More information on how KBC Brussels Insurance considers sustainability risks and the principal adverse impacts on sustainability factors can be found at www.kbc.be/investment-legal-documents > Transparency on sustainability risks and adverse impacts on sustainability.
Unless stated otherwise in the pre-contractual documents, KBC Brussels Insurance considers that the likely impact of long-term sustainability risks will be low on the value of the financial products it makes available because of the above exclusion criteria. Consequently, this is considered by the KBC Brussels Insurance agent in their advice.
Responsible funds that your agent provides advice on have the Towards Sustainability Label1, or an application process for this label is pending. This label is an initiative of Febelfin. Funds that have been awarded this label:
• Have a clear sustainability strategy in place
• Exclude very harmful companies or activities
• Pursue a transparent policy in relation to socially questionable practices (for instance, nuclear energy, tax evasion, the death penalty)
See www.towardssustainability.be/en/quality-standard for more details.
Glossary
Sustainability preferences for investing: to keep up with the changing demands of society, we – and by extension the entire financial sector – must make a significant contribution to achieving the European climate targets, one of which is to be climate-neutral in Europe by 2050. The bar is set high with ambitions focusing on Environmental, Social and [good] Governance issuesor ‘ESG’. Whenever we refer to ESG, we are referring not only to the environment (E = Environmental), but also to how a company treats its staff and customers and its role in society (S = Social) and how well a company is run (G = Governance).
European sustainability targets are regulated by legislation, including the Sustainable Finance Disclosure Regulation – or SFDR – (see term) and the EU Taxonomy Regulation (see term). Your sustainability preferences for investing will be assessed based on these two pieces of legislation and the Principle of Adverse Impact (PAI) (see term).
EU Taxonomy Regulation: the EU Taxonomy is a classification system for determining which economic activities are environmentally sustainable. The taxonomy currently uses six environmental objectives for this purpose, namely:
• Protection and restoration of biodiversity and ecosystems
• Climate change mitigation and adaptation
• Pollution prevention and control
• Transition to a circular economy
• Waste prevention and recycling
• Sustainable use and protection of water and marine resources
Environmentally sustainable activities must make a substantial contribution to at least one of them and not do significant harm to any of the other five environmental objectives.

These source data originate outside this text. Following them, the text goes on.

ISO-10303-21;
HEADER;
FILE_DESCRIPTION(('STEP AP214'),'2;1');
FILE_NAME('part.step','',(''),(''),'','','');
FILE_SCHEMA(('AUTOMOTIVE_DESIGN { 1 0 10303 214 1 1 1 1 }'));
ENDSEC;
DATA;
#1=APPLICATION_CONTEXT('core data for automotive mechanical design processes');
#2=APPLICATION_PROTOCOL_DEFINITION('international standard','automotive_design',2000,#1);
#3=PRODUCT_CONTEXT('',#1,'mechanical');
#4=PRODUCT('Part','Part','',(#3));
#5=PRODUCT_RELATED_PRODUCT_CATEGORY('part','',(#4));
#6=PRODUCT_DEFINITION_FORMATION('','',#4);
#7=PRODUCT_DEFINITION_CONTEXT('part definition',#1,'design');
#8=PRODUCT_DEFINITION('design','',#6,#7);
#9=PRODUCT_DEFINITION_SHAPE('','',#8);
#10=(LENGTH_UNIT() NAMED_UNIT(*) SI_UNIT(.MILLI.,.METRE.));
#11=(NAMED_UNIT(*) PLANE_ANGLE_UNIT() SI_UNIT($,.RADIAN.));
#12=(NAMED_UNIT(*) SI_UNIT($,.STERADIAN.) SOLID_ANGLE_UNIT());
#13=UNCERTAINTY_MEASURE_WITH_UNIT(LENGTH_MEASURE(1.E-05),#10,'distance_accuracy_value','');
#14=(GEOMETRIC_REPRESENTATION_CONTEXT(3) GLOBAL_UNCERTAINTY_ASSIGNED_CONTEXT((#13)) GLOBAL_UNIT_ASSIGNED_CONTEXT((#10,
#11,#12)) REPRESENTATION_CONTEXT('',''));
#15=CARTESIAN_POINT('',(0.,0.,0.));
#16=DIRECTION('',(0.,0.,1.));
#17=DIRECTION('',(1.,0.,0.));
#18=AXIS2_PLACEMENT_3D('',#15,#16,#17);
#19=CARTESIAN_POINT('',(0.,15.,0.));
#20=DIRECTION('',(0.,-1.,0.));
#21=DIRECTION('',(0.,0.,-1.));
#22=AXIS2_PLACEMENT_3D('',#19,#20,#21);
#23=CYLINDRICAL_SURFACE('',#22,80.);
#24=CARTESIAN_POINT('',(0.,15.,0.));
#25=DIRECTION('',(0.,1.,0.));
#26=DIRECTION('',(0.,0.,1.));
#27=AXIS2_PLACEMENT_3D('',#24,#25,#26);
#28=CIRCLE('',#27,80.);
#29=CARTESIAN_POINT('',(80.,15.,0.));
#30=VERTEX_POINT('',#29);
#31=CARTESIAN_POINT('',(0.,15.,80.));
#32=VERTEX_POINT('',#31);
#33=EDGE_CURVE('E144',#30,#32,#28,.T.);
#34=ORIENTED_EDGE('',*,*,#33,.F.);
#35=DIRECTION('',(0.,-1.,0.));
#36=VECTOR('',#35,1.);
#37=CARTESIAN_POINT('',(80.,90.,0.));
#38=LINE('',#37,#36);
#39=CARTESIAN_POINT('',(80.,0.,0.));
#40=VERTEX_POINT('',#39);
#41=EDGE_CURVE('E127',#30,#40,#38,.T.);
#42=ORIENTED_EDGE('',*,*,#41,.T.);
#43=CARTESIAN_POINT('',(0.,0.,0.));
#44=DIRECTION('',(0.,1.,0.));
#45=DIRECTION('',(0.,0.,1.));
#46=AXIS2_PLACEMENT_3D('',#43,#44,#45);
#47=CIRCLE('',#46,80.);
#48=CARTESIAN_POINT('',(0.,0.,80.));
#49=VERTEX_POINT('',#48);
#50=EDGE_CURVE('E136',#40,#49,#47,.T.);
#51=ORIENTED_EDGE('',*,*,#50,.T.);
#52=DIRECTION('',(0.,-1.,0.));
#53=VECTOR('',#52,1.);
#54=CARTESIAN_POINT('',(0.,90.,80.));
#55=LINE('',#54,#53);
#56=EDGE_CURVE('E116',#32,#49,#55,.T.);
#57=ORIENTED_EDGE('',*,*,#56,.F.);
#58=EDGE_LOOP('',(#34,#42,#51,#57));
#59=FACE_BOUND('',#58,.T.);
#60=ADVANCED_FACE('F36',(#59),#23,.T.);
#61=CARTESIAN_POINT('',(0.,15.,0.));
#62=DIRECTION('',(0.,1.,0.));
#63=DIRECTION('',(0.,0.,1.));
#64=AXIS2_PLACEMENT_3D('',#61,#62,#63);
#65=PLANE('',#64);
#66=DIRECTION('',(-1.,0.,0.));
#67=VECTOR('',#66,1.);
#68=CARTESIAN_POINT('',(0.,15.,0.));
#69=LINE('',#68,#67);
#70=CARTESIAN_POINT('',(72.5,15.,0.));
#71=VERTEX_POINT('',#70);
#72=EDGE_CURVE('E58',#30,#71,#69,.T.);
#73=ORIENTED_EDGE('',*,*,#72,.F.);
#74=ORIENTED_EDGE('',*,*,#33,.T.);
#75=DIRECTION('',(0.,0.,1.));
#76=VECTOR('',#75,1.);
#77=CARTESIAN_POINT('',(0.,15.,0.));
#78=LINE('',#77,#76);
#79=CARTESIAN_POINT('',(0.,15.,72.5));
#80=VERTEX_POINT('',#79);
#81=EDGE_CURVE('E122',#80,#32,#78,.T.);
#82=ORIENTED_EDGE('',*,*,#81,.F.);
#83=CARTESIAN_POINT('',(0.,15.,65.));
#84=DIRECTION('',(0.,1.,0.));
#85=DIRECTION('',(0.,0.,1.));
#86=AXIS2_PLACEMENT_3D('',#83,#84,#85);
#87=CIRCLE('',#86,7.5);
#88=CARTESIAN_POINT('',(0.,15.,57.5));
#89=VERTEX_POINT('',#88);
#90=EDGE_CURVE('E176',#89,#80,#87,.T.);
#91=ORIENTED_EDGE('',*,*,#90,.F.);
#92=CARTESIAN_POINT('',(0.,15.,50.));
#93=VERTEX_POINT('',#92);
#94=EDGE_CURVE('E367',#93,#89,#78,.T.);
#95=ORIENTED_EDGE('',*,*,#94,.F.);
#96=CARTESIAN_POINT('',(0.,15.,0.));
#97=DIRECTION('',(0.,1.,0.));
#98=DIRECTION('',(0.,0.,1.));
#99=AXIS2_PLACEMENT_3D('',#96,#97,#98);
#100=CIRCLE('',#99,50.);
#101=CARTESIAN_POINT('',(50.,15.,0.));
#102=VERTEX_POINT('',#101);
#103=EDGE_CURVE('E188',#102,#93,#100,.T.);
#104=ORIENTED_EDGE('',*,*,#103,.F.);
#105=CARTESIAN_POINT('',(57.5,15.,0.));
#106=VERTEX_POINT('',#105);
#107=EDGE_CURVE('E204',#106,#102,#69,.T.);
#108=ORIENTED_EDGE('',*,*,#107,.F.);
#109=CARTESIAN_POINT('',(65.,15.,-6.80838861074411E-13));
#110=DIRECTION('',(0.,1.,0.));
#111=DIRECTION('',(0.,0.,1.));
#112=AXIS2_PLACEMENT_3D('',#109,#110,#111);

Although the EU is currently preparing a Directive that would require companies to publish sustainability information (the Corporate Sustainability Reporting Directive), this legislation is still a work in progress. Consequently, there is currently a lack of sustainability data available. This element will, therefore, not be included in KBC Brussels's ‘responsible investing’ methodology (just yet).
Financial buffer: this constitutes part of the investment profile. This financial reserve is money you set aside not only to cover unexpected expenses, but also to give you financial peace of mind and security. KBC Brussels suggests a minimum buffer of 5 000 euros.
Level of knowledge and experience: your level of knowledge and experience concerning the investment product in which you want to invest. Our ‘product knowledge and experience assessment’ is based on your answers to our questions on savings-linked and investment-type insurance products as well as your experience based on the transactions you executed in the relevant products during the past four years.
Overview of advice: a written statement of suitability you receive when advice is provided. That document specifies how the advice provided meets your preferences, needs and other characteristics.
Principal Adverse Impacts (PAI): the SFDR also specifies the extent to which adverse impacts on sustainability factors (or Principal Adverse Impacts – PAI) must be excluded and how the investor can explicitly opt for this.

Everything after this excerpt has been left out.